Au cabinet du premier ministre Jean Charest, on s'est contenté de renvoyer les journalistes aux responsables des emplois supérieurs au Conseil exécutif. La secrétaire générale associée à la communication du Conseil exécutif, Marie-Claire Ouellet, a indiqué que de telles ententes particulières étaient négociées avec les présidents de sociétés d'État à vocation dite «commerciale», comme la Caisse de dépôt, Hydro-Québec et la Société générale de financement, Loto-Québec et la Société des alcools du Québec. Au gouvernement, on fait valoir que les dirigeants de ces sociétés québécoises sont beaucoup moins rémunérés que leurs homologues ontariens. Ainsi, le président du gestionnaire de fonds de retraite OMERS reçoit un salaire de 2,24 millions tandis que le président d'Hydro One, en Ontario, encaisse 800 000 $ par an contre 390 000 $ pour le président d'Hydro-Québec.
Pauline Marois pense que cette pratique des primes, née sous le dernier gouvernement péquiste, doit être analysée à la lumière des échanges de dirigeants entre les secteurs privé et public. «Les présidents de sociétés d'État ne sont pas rémunérés à la hauteur de ce qu'ils obtiendraient dans le privé pour gérer des portefeuilles comparables. L'exemple de M. Rousseau est patent à cet égard. Mais on pourrait en prendre d'autres. Certaines rémunérations sont donc considérées comme raisonnables quand on les additionne. Elles s'ajoutent à la rémunération de base pour attirer et conserver des gens dans ces fonctions.»
Mme Marois cite l'exemple du gestionnaire du fonds Teachers' en Ontario, payé environ 1 million annuellement, avec des primes et des bonis pouvant multiplier ce montant par cinq les meilleures années de rendement.
Par contre, le versement de primes même en cas de départ volontaire lui semble plus discutable. «Dans le contexte actuel, c'est sûr que ça choque: la Caisse perd de l'argent, son p.-d.g. quitte de son propre gré et on lui verse une allocation de départ.
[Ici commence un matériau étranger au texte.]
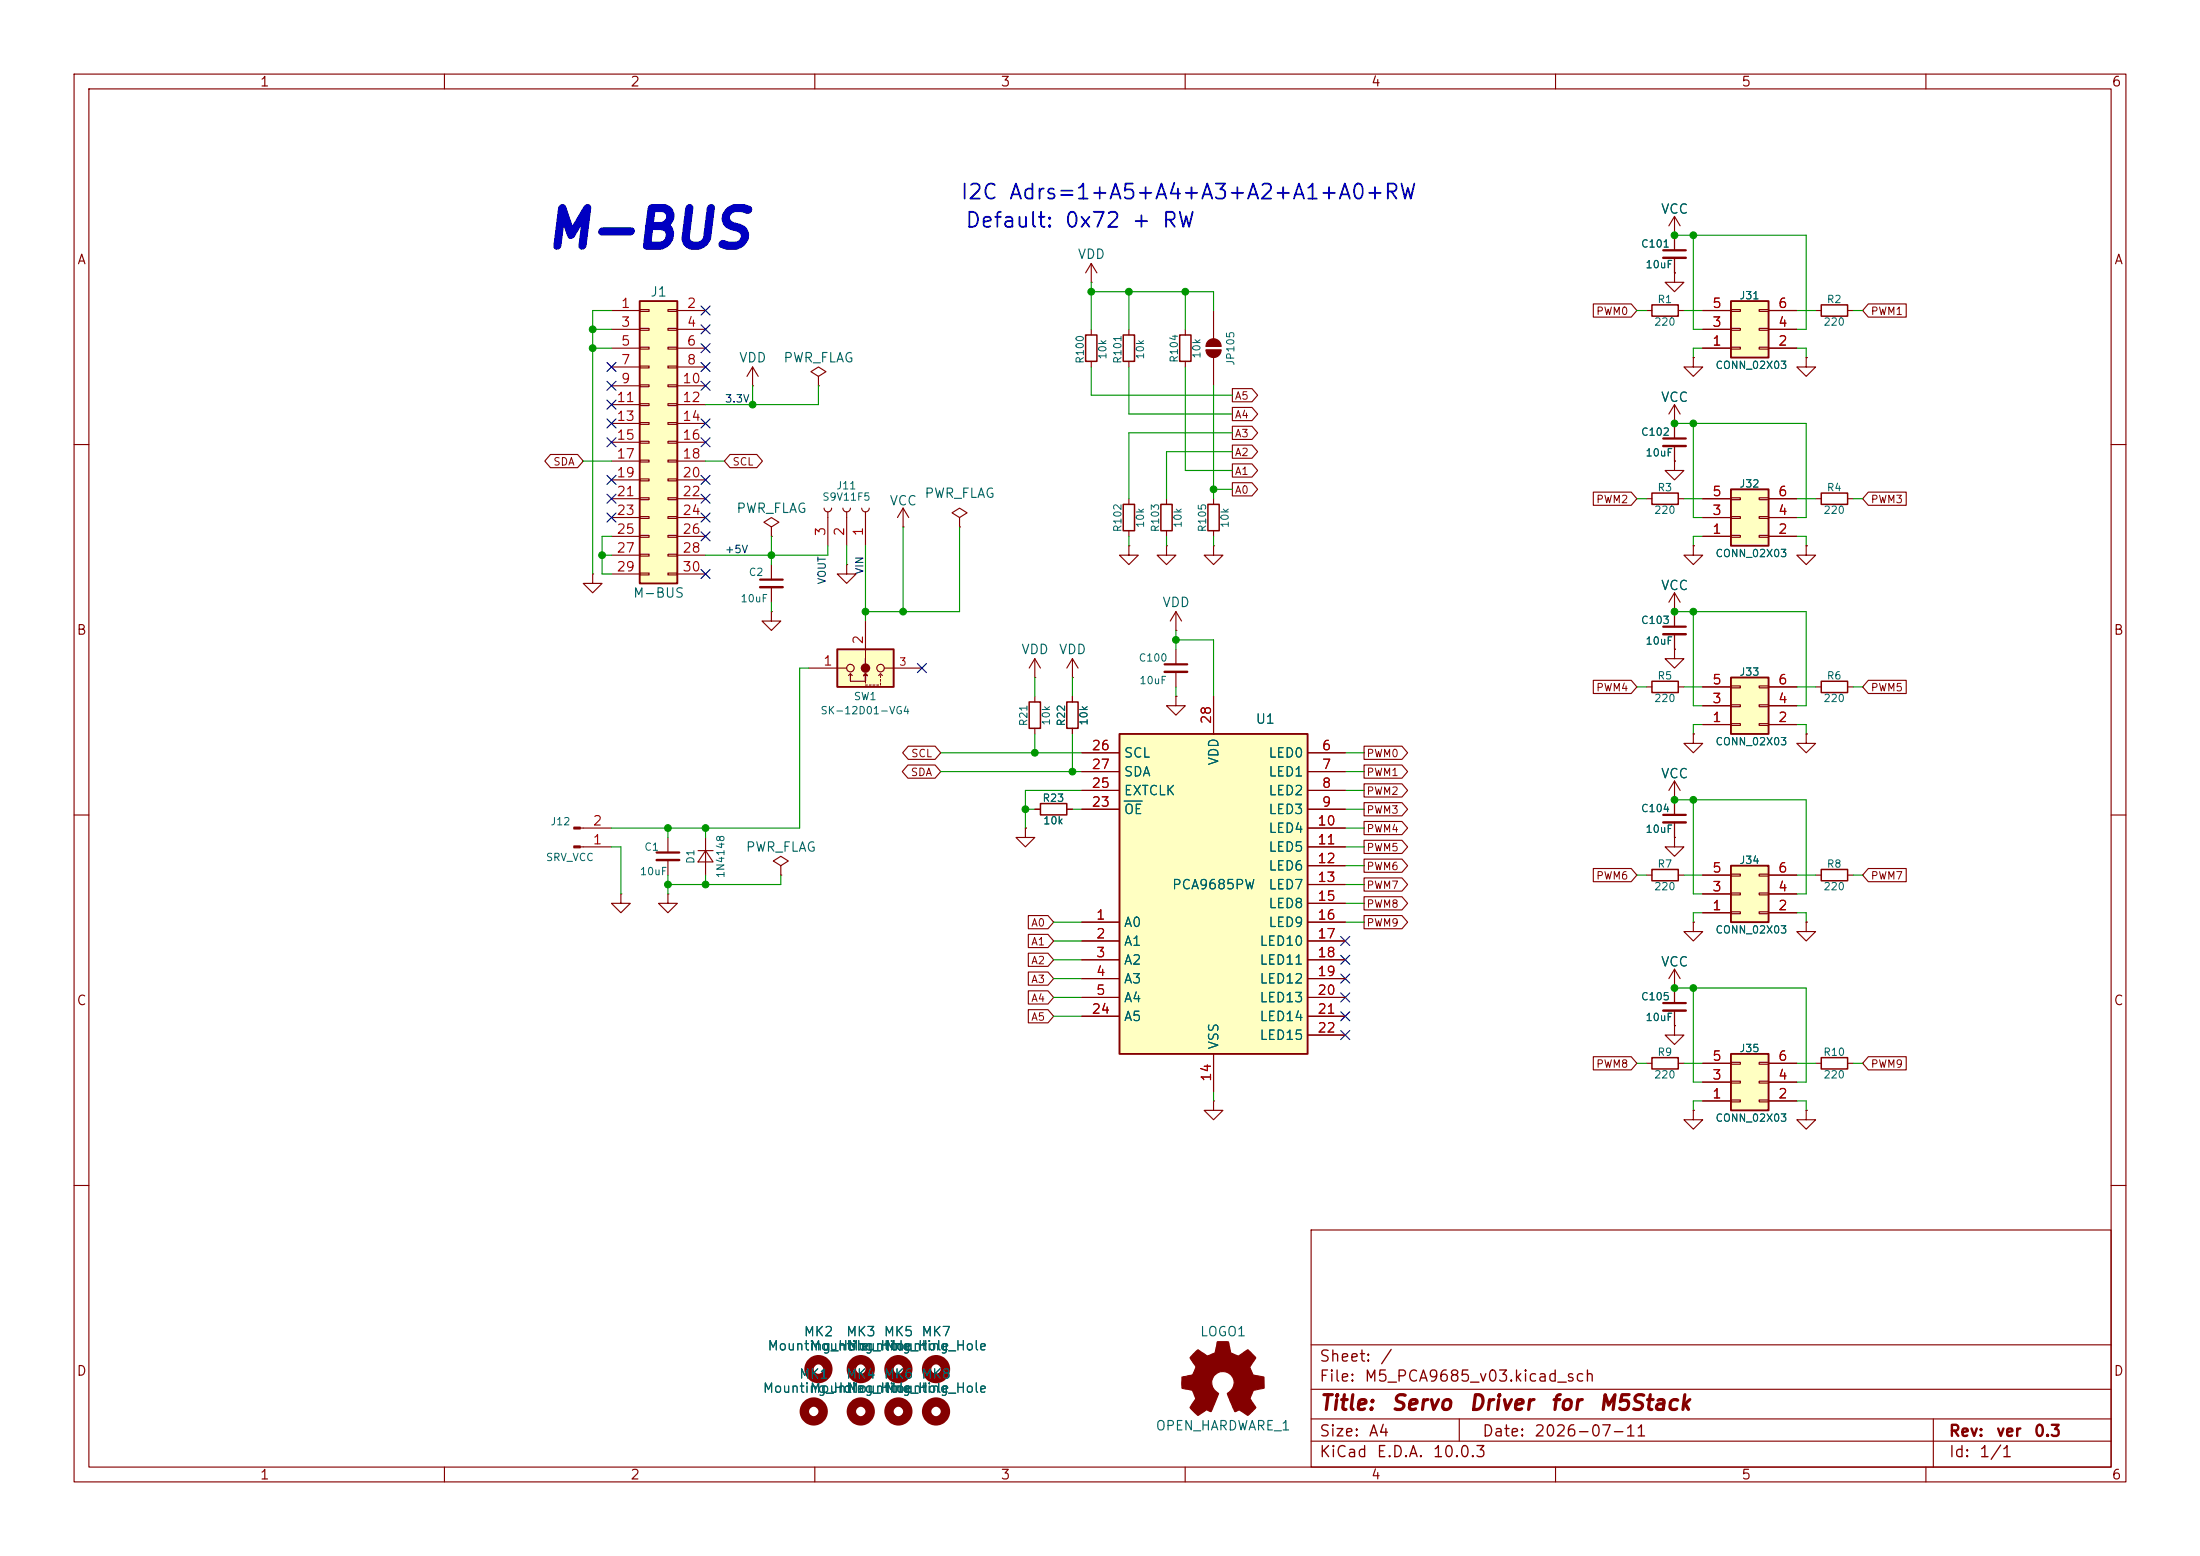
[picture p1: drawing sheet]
<svg xmlns="http://www.w3.org/2000/svg" width="297mm" height="210mm" viewBox="0 0 297 210" stroke-linecap="round" stroke-linejoin="round" font-family="sans-serif">
<g fill="none" stroke="#840000" stroke-width=".15">
<path d="M10 10h277v190h-277zM12 12h273v186h-273zM60 10v2M110 10v2M160 10v2M210 10v2M260 10v2M110.5 50.8l1-.6-1-.7-1 .7 1 .6v1.3M110.5 52.1h.1M152.4 44.5v.7M152.4 48.8v.7M160 44.5v.7"/>
<path d="M160 48.8v.7M162.8 46.7h2M162.8 47.2h2M163.8 41.9v3.8M163.8 48.3v3.8M10 60h2M104.1 71.1l1.1-.6-1.1-.6-1 .6 1 .6v1.3M104.1 72.4h.1M104.1 76.2v2M104.1 79.2v2.1M111.3 68.6a.51 .51 0 0 0 .5 .5 .51 .51 0 0 0 .5-.5M111.8 69.1v4.6"/>
<path d="M113.8 68.6a.51 .51 0 0 0 .5 .5 .51 .51 0 0 0 .5-.5M114.3 69.1v4.6M116.3 68.6a.51 .51 0 0 0 .5 .5 .51 .51 0 0 0 .5-.5M116.8 69.1v4.6M121.9 71.1h.1M121.9 68.6l-.7 1.3M121.9 68.6l.8 1.3M121.9 68.6v2.5M129.5 69.9l1.1-.7-1.1-.6-1 .6 1 .7v1.2M129.5 71.1h.1M152.4 73.7v1.2h1.3l-1.3 1.3-1.3-1.3h1.3M152.4 73.7h.1"/>
<path d="M152.4 67.3v.8M152.4 71.6v.8M157.5 73.7v1.2h1.2l-1.2 1.3-1.3-1.3h1.3M157.5 73.7h.1M157.5 67.3v.8M157.5 71.6v.8M163.8 73.7v1.2h1.3l-1.3 1.3-1.2-1.3h1.2M163.8 73.7h.1M163.8 67.3v.8M163.8 71.6v.8M226.1 62.2v1.3h1.2l-1.2 1.3-1.3-1.3h1.3M226.1 62.2h.1"/>
<path d="M285 60h2M139.7 91.4h.1M139.7 88.9l-.8 1.3M139.7 88.9l.8 1.3M139.7 88.9v2.5M158.7 85.1h.1M158.7 82.6l-.7 1.2M158.7 82.6l.8 1.2M158.7 82.6v2.5M10 110h2M90.2 113v2.1M90.2 116.1v2"/>
<path d="M105.4 116.8l1-.6-1-.6-1 .6 1 .6v1.3M105.4 118.1h.1M285 110h2M226.1 138.4v1.3h1.2l-1.2 1.3-1.3-1.3h1.3M226.1 138.4h.1M226.1 133.4h.1M226.1 130.8l-.8 1.3M226.1 130.8l.7 1.3M226.1 130.8v2.6M222.2 143.5h.8M226.6 143.5h.7M228.6 149.9v1.2h1.3l-1.3 1.3-1.3-1.3h1.3"/>
<path d="M228.6 149.9h.1M243.8 149.9v1.2h1.3l-1.3 1.3-1.2-1.3h1.2M243.8 149.9h.1M10 160h2M177 166h108v32h-108zM285 160h2M60 198v2M110 198v2M160 198v2M177 194.5h108M177 191.5h108M177 187.5h108"/>
<path d="M177 181.5h108M197 191.5v3M210 198v2M260 198v2M261 191.5v6.5"/>
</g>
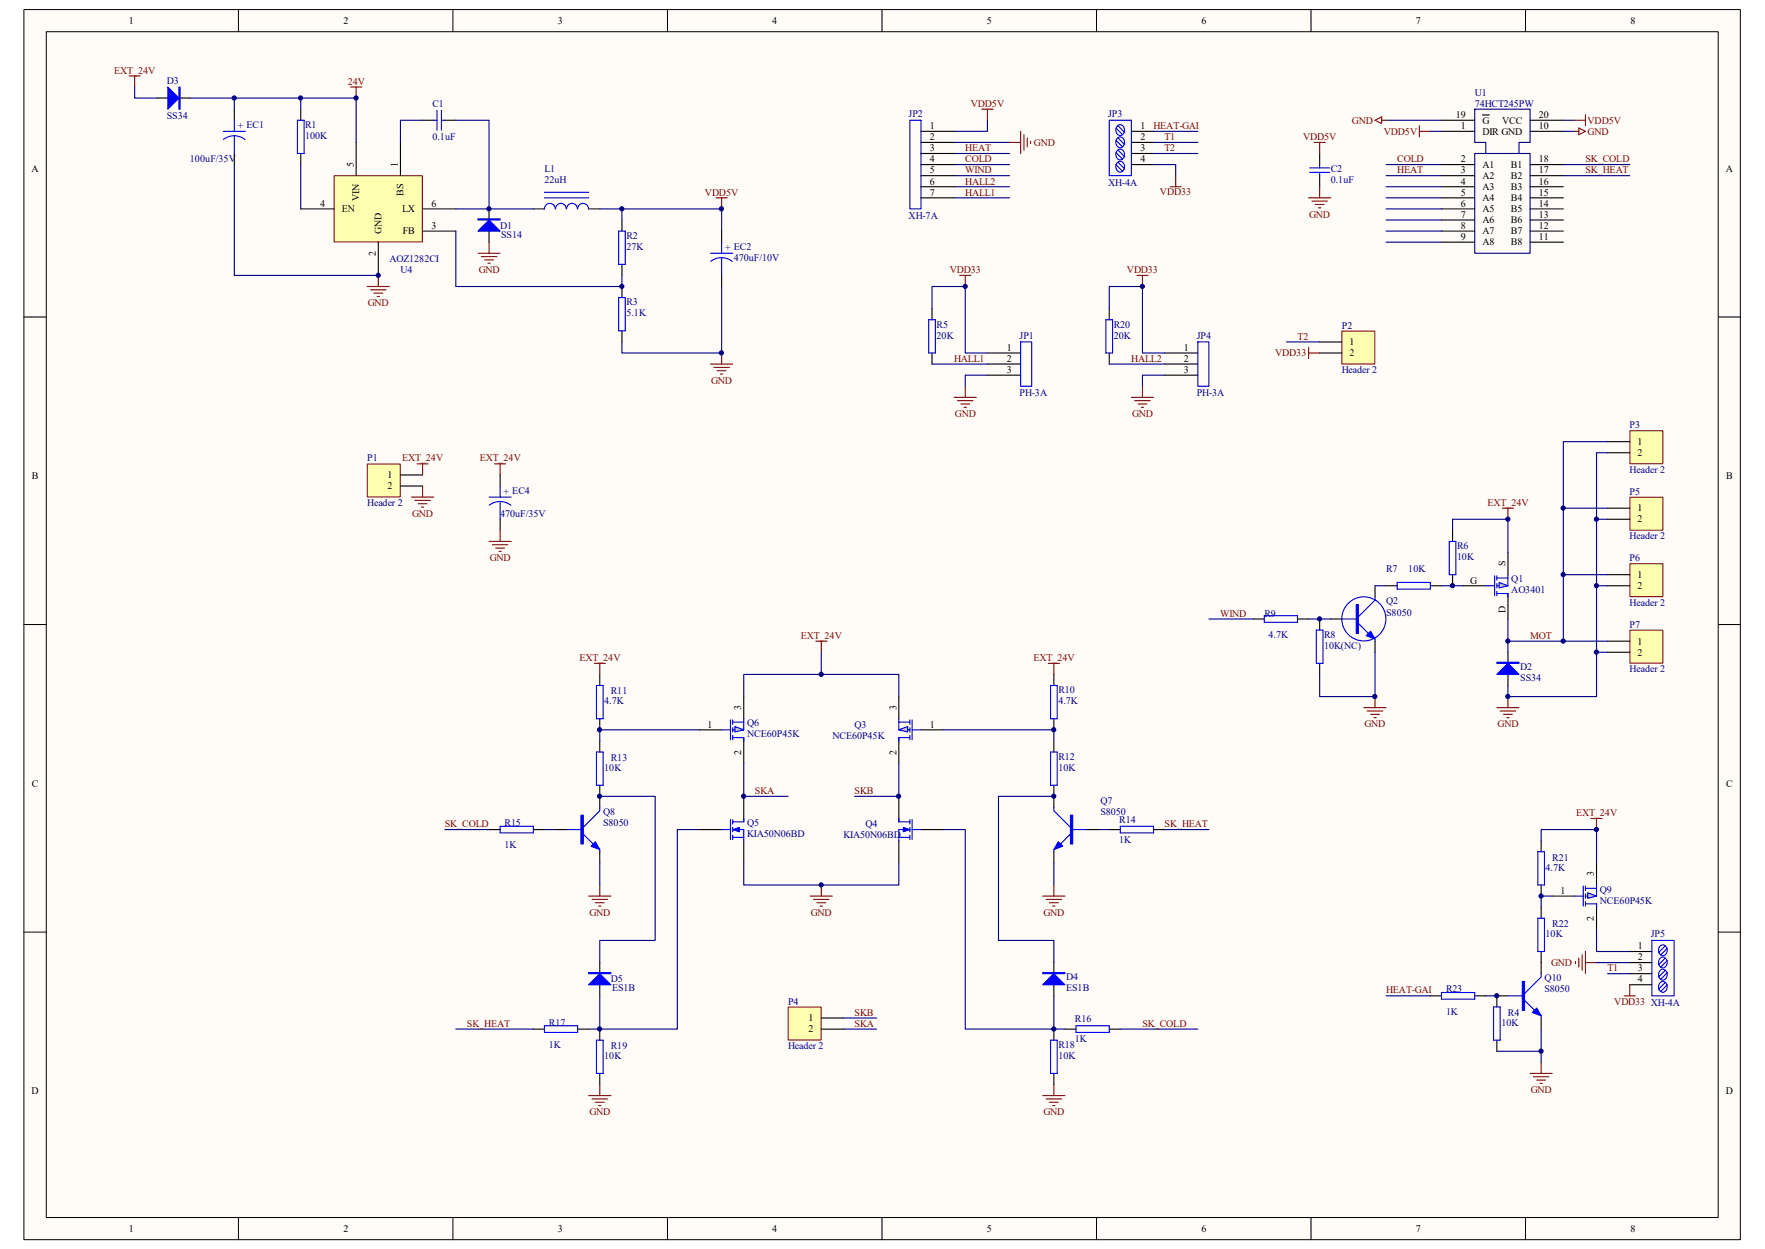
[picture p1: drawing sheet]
<svg xmlns="http://www.w3.org/2000/svg" width="297mm" height="210mm" viewBox="0 0 297 210" stroke-linecap="round" stroke-linejoin="round" font-family="sans-serif">
<path d="M4.1 1.7h288.8v206.7h-288.8z" fill="#fffcf8"/>
<path d="M4 1.6h288.9v206.8h-288.9z" fill="none" stroke="#000" stroke-width=".17"/>
<path d="M7.8 5.4h281.3v199.3h-281.3z" fill="#fffcf8"/>
<g fill="none" stroke="#000" stroke-width=".17">
<path d="M7.8 5.3h281.3v199.4h-281.3zM40.1 1.6v3.7M76.2 1.6v3.7M112.3 1.6v3.7M148.4 1.6v3.7M184.5 1.6v3.7M220.6 1.6v3.7M256.7 1.6v3.7M4 53.3h3.7M289.2 53.3h3.7M4 105h3.7M289.2 105h3.7"/>
<path d="M4 156.7h3.7M289.2 156.7h3.7M40.1 204.7v3.7M76.2 204.7v3.7M112.3 204.7v3.7M148.4 204.7v3.7M184.5 204.7v3.7M220.6 204.7v3.7M256.7 204.7v3.7"/>
</g>
<path d="M117.7 139.5h3.7M125.2 133.9v3.7M151.3 133.9v3.7M155 139.5h3.7M125.2 141.4v3.7M151.3 141.4v3.7" fill="none" stroke="#000" stroke-width=".19"/>
<g fill="none" stroke="#00f" stroke-width=".19">
<path d="M121.4 139.5h1.5M122.9 137.8v3.4M123.3 139.5h1.9v1.9M123.3 137.8v.8M123.3 139.1v.8M125.2 137.6v.6h-1.9M151.3 137.6v.6h1.8M153.1 139.5h-1.8v1.9M153.1 137.8v.8M153.1 139.1v.8M153.5 139.5h1.5M153.5 137.8v3.4"/>
<path d="M123.3 140.8h1.9M123.3 140.4v.8M151.3 140.8h1.8M153.1 140.4v.8"/>
</g>
<g fill="#00f" stroke="#00f" stroke-width=".17">
<path d="M123.3 139.5l1.1-.4v.8z"/>
<path d="M152 139.1l1.1 .4-1.1 .4z"/>
</g>
<path d="M125.2 117.1v-3.7h26.1v3.7" fill="none" stroke="#000080" stroke-width=".19"/>
<path d="M137.3 107.8h1.8M138.2 107.8v1.9M136.3 150.7h3.8M136.9 151.2h2.6M137.5 151.8h1.5M138 152.4h.4M138.2 148.8v1.9" fill="none" stroke="#800000" stroke-width=".19"/>
<path d="M61.8 78.1h5.6v5.5h-5.6z" fill="#ffffb0"/>
<path d="M61.8 78h5.6v5.6h-5.6z" fill="none" stroke="#800000" stroke-width=".17"/>
<path d="M67.4 79.9h3.7M84.2 79.9v1.8M67.4 81.7h3.7M84.2 87.3v1.9" fill="none" stroke="#000" stroke-width=".19"/>
<g fill="none" stroke="#800000" stroke-width=".19">
<path d="M70.2 78h1.8M71.1 78v1.9M83.2 78h1.9M84.2 78v1.9M69.2 83.6h3.8M69.8 84.1h2.6M70.4 84.7h1.5M70.9 85.3h.4M71.1 81.7v1.9M82.3 91h3.7M82.9 91.6h2.6M83.4 92.2h1.5"/>
<path d="M84 92.7h.3M84.2 89.2v1.8"/>
</g>
<path d="M138.2 109.7v3.7" fill="none" stroke="#000080" stroke-width=".19"/>
<path d="M82.3 83.6h3.7M84.2 84.3l1.1 .3 .7 .4M84.2 84.3l-.8 .1-1.1 .5M84.2 81.7v1.9M84.2 84.3v3" fill="none" stroke="#00f" stroke-width=".19"/>
<path d="M132.7 169.4h5.5v5.5h-5.5z" fill="#ffffb0"/>
<path d="M132.6 169.3h5.6v5.6h-5.6z" fill="none" stroke="#800000" stroke-width=".17"/>
<path d="M26.4 16.5h1.8M30.1 16.5h1.9M138.2 171.2h3.7M138.2 173h3.7" fill="none" stroke="#000" stroke-width=".19"/>
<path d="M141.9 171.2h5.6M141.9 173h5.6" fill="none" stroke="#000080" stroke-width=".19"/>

Ça soulève un débat qui devrait se tenir [...] Il faut des règles claires pour éviter les effets pervers.»
En 2006, Henri-Paul Rousseau a touché 1,9 million de la Caisse sous forme de salaire, d'honoraires et de prime au rendement. En 2007, sa rémunération totale s'est élevée à 1,8 million. L'ex-président a quitté le navire avant que les marchés boursiers ne s'effondrent. La Caisse pourrait faire face à une perte atteignant les 20 % de son actif net, ou 30 milliards, au terme de l'année terminée le 31 décembre dernier, selon certaines évaluations. En outre, l'institution devra sans doute revoir à la baisse la valeur des papiers commerciaux adossés à des actifs qu'elle détient.
Le président du Syndicat de professionnelles et professionnels du gouvernement du Québec (SPGQ), Gilles Dussault, est d'avis que l'ex-président de la Caisse de dépôt devrait rembourser l'indemnité de 378 750 $ qu'il a reçue. «Dans cette affaire, tout est parfaitement légal, mais totalement immoral», a déclaré le président du SPGQ.